Top of AVAILABLE DATA
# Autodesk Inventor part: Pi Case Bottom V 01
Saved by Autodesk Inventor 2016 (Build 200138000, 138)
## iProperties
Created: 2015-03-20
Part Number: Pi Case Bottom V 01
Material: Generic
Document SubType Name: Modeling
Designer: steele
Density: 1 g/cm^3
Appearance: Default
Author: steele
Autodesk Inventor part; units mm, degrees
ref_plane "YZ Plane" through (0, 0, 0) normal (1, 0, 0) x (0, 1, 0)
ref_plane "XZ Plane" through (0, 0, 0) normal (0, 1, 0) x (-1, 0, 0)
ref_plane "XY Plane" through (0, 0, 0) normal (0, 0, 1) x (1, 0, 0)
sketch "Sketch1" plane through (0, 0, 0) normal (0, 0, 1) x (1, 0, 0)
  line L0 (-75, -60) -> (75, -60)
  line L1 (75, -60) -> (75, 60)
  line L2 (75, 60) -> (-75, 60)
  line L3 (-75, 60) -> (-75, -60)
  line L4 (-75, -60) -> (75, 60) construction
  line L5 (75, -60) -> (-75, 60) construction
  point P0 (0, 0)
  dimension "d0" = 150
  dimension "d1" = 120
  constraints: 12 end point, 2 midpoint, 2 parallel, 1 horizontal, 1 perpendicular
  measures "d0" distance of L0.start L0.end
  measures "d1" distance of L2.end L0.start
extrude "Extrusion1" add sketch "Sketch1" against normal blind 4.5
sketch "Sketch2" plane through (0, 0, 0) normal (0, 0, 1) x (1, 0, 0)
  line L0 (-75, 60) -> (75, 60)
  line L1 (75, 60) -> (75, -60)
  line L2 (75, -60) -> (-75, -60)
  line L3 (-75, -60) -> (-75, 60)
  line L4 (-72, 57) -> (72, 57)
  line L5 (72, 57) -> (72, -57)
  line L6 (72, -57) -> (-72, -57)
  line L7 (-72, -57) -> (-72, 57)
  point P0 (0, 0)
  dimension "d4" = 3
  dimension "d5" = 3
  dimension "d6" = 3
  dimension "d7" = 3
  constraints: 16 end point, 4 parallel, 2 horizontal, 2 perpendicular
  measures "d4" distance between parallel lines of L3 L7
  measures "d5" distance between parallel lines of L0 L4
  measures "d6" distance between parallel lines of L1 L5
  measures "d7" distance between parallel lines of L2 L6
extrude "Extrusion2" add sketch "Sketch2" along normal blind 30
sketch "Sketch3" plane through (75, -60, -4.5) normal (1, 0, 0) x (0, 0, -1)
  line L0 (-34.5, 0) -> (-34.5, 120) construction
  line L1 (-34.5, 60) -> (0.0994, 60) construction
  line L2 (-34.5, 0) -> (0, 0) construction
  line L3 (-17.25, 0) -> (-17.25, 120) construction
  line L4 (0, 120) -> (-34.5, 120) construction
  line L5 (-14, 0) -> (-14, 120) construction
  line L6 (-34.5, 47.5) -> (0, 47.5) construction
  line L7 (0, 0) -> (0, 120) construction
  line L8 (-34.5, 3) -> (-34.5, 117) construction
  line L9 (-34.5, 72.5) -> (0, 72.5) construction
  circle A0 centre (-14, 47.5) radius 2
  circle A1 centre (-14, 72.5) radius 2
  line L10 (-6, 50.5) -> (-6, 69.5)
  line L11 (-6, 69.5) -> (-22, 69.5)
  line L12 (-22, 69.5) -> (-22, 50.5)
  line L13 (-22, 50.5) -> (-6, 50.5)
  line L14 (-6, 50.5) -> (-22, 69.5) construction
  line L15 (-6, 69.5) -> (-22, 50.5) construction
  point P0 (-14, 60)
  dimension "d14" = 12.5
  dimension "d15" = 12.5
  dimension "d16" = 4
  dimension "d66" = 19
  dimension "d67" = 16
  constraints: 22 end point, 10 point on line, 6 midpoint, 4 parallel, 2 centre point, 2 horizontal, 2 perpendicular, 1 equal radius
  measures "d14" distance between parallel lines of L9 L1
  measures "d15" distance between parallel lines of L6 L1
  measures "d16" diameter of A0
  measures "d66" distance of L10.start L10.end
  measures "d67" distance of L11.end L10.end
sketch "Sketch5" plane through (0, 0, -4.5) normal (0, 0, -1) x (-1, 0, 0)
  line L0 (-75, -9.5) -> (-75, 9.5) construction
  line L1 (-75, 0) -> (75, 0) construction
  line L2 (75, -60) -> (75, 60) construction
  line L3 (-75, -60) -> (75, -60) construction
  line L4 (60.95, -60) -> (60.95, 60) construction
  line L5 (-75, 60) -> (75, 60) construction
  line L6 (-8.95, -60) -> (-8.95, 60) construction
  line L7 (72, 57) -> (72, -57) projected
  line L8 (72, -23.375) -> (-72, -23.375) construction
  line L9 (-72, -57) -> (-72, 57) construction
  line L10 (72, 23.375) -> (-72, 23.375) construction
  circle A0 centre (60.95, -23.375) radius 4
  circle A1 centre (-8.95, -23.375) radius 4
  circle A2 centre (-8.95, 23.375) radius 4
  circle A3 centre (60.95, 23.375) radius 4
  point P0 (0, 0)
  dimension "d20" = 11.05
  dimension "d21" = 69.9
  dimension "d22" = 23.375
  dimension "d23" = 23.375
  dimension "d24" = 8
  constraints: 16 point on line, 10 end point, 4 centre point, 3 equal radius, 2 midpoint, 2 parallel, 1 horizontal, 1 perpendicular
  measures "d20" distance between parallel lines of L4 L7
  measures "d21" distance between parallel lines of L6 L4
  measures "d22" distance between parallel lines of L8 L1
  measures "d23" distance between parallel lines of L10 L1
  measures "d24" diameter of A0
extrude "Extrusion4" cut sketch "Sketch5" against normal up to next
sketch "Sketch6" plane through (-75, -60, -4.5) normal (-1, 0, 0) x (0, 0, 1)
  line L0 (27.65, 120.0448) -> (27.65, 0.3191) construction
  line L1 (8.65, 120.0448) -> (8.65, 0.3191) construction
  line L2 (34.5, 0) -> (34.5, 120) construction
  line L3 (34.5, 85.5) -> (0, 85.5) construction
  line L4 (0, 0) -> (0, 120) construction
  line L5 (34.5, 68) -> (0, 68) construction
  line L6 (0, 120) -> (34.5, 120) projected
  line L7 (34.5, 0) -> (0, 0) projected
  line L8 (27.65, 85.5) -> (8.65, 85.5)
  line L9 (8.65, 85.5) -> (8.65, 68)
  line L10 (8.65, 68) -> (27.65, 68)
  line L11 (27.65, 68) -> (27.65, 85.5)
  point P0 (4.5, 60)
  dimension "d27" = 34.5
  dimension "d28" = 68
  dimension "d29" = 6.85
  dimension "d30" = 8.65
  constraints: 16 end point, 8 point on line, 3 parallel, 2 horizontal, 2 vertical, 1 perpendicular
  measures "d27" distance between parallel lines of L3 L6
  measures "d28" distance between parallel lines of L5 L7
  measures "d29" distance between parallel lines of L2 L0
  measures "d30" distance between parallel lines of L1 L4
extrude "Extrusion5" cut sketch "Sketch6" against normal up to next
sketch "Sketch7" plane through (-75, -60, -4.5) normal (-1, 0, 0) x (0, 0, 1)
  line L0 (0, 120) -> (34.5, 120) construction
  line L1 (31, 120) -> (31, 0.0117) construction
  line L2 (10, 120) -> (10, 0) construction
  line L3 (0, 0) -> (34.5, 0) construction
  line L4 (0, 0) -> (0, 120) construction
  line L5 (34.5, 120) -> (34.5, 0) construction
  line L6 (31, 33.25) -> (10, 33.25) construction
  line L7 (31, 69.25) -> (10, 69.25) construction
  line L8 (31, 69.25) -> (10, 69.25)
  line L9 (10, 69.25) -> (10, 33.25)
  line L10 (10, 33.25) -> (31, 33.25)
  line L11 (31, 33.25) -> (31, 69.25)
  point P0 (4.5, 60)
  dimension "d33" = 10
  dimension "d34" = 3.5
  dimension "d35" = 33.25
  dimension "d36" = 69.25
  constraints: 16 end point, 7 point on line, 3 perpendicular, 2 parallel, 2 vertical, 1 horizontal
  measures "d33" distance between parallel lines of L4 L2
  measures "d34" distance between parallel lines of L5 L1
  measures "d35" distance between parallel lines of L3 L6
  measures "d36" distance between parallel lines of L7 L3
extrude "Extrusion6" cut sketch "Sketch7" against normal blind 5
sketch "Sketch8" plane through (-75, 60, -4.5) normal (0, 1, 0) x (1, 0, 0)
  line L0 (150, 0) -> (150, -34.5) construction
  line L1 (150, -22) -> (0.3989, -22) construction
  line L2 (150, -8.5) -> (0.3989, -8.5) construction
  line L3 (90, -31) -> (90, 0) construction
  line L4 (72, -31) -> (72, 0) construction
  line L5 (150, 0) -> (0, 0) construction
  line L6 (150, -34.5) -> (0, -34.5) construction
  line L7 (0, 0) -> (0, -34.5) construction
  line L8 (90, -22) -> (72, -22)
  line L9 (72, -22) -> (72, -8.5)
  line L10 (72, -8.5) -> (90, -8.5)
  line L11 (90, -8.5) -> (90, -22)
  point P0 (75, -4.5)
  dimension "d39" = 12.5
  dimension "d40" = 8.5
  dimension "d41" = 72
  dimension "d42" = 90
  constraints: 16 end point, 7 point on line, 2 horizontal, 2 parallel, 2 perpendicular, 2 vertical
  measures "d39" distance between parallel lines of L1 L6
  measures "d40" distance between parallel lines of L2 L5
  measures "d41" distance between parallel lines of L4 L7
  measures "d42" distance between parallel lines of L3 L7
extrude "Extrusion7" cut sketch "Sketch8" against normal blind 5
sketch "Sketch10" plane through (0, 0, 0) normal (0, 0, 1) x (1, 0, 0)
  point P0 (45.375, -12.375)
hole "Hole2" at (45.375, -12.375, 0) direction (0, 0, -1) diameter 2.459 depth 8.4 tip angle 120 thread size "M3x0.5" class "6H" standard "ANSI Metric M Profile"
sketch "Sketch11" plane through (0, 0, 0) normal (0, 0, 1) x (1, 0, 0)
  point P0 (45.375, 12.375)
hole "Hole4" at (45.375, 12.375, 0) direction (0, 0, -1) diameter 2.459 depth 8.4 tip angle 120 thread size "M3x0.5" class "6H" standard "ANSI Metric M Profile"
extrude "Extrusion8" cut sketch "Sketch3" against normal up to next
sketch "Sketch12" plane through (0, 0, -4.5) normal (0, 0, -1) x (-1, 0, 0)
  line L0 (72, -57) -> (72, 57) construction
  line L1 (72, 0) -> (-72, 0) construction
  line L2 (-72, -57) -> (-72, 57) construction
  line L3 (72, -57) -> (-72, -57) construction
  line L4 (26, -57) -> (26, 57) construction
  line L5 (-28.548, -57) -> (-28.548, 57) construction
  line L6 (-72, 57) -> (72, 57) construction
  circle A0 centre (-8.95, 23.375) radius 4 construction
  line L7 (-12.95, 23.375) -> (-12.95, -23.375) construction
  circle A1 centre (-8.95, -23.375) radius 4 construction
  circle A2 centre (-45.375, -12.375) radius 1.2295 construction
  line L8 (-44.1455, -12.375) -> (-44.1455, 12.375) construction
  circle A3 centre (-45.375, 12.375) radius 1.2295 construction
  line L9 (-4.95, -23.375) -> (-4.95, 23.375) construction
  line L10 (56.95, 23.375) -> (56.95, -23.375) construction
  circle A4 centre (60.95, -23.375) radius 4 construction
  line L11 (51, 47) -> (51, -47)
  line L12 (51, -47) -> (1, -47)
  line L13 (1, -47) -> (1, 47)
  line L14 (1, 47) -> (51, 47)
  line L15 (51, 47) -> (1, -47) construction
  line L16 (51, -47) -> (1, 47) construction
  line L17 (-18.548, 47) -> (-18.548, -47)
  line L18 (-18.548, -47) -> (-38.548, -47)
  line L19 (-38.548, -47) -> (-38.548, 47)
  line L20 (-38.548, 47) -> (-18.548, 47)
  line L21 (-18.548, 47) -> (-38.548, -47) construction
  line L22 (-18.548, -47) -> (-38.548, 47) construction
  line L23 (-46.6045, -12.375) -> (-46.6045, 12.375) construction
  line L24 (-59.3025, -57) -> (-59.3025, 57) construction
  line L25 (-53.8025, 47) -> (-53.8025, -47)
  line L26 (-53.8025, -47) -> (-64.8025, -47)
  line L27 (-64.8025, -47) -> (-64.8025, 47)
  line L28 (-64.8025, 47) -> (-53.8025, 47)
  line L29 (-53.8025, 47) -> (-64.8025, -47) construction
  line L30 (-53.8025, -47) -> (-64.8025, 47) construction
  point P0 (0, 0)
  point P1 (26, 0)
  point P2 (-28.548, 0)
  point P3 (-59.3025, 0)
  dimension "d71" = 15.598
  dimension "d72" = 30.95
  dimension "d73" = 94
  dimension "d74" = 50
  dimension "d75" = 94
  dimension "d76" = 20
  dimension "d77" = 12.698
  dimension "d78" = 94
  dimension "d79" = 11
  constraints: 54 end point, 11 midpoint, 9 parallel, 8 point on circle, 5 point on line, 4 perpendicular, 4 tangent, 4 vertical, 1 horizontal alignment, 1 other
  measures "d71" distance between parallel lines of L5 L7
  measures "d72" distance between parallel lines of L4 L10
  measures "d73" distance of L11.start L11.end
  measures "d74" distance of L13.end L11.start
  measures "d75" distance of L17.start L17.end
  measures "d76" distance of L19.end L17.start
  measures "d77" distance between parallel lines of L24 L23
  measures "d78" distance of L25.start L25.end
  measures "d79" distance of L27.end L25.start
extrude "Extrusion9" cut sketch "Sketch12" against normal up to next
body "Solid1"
Bottom of AVAILABLE DATA
▶ [AIM OF THE TASK]
If a line of the material contains the word "standard", pick it out and copy it.

▶ [TASK SOLUTION]
hole "Hole2" at (45.375, -12.375, 0) direction (0, 0, -1) diameter 2.459 depth 8.4 tip angle 120 thread size "M3x0.5" class "6H" standard "ANSI Metric M Profile"
hole "Hole4" at (45.375, 12.375, 0) direction (0, 0, -1) diameter 2.459 depth 8.4 tip angle 120 thread size "M3x0.5" class "6H" standard "ANSI Metric M Profile"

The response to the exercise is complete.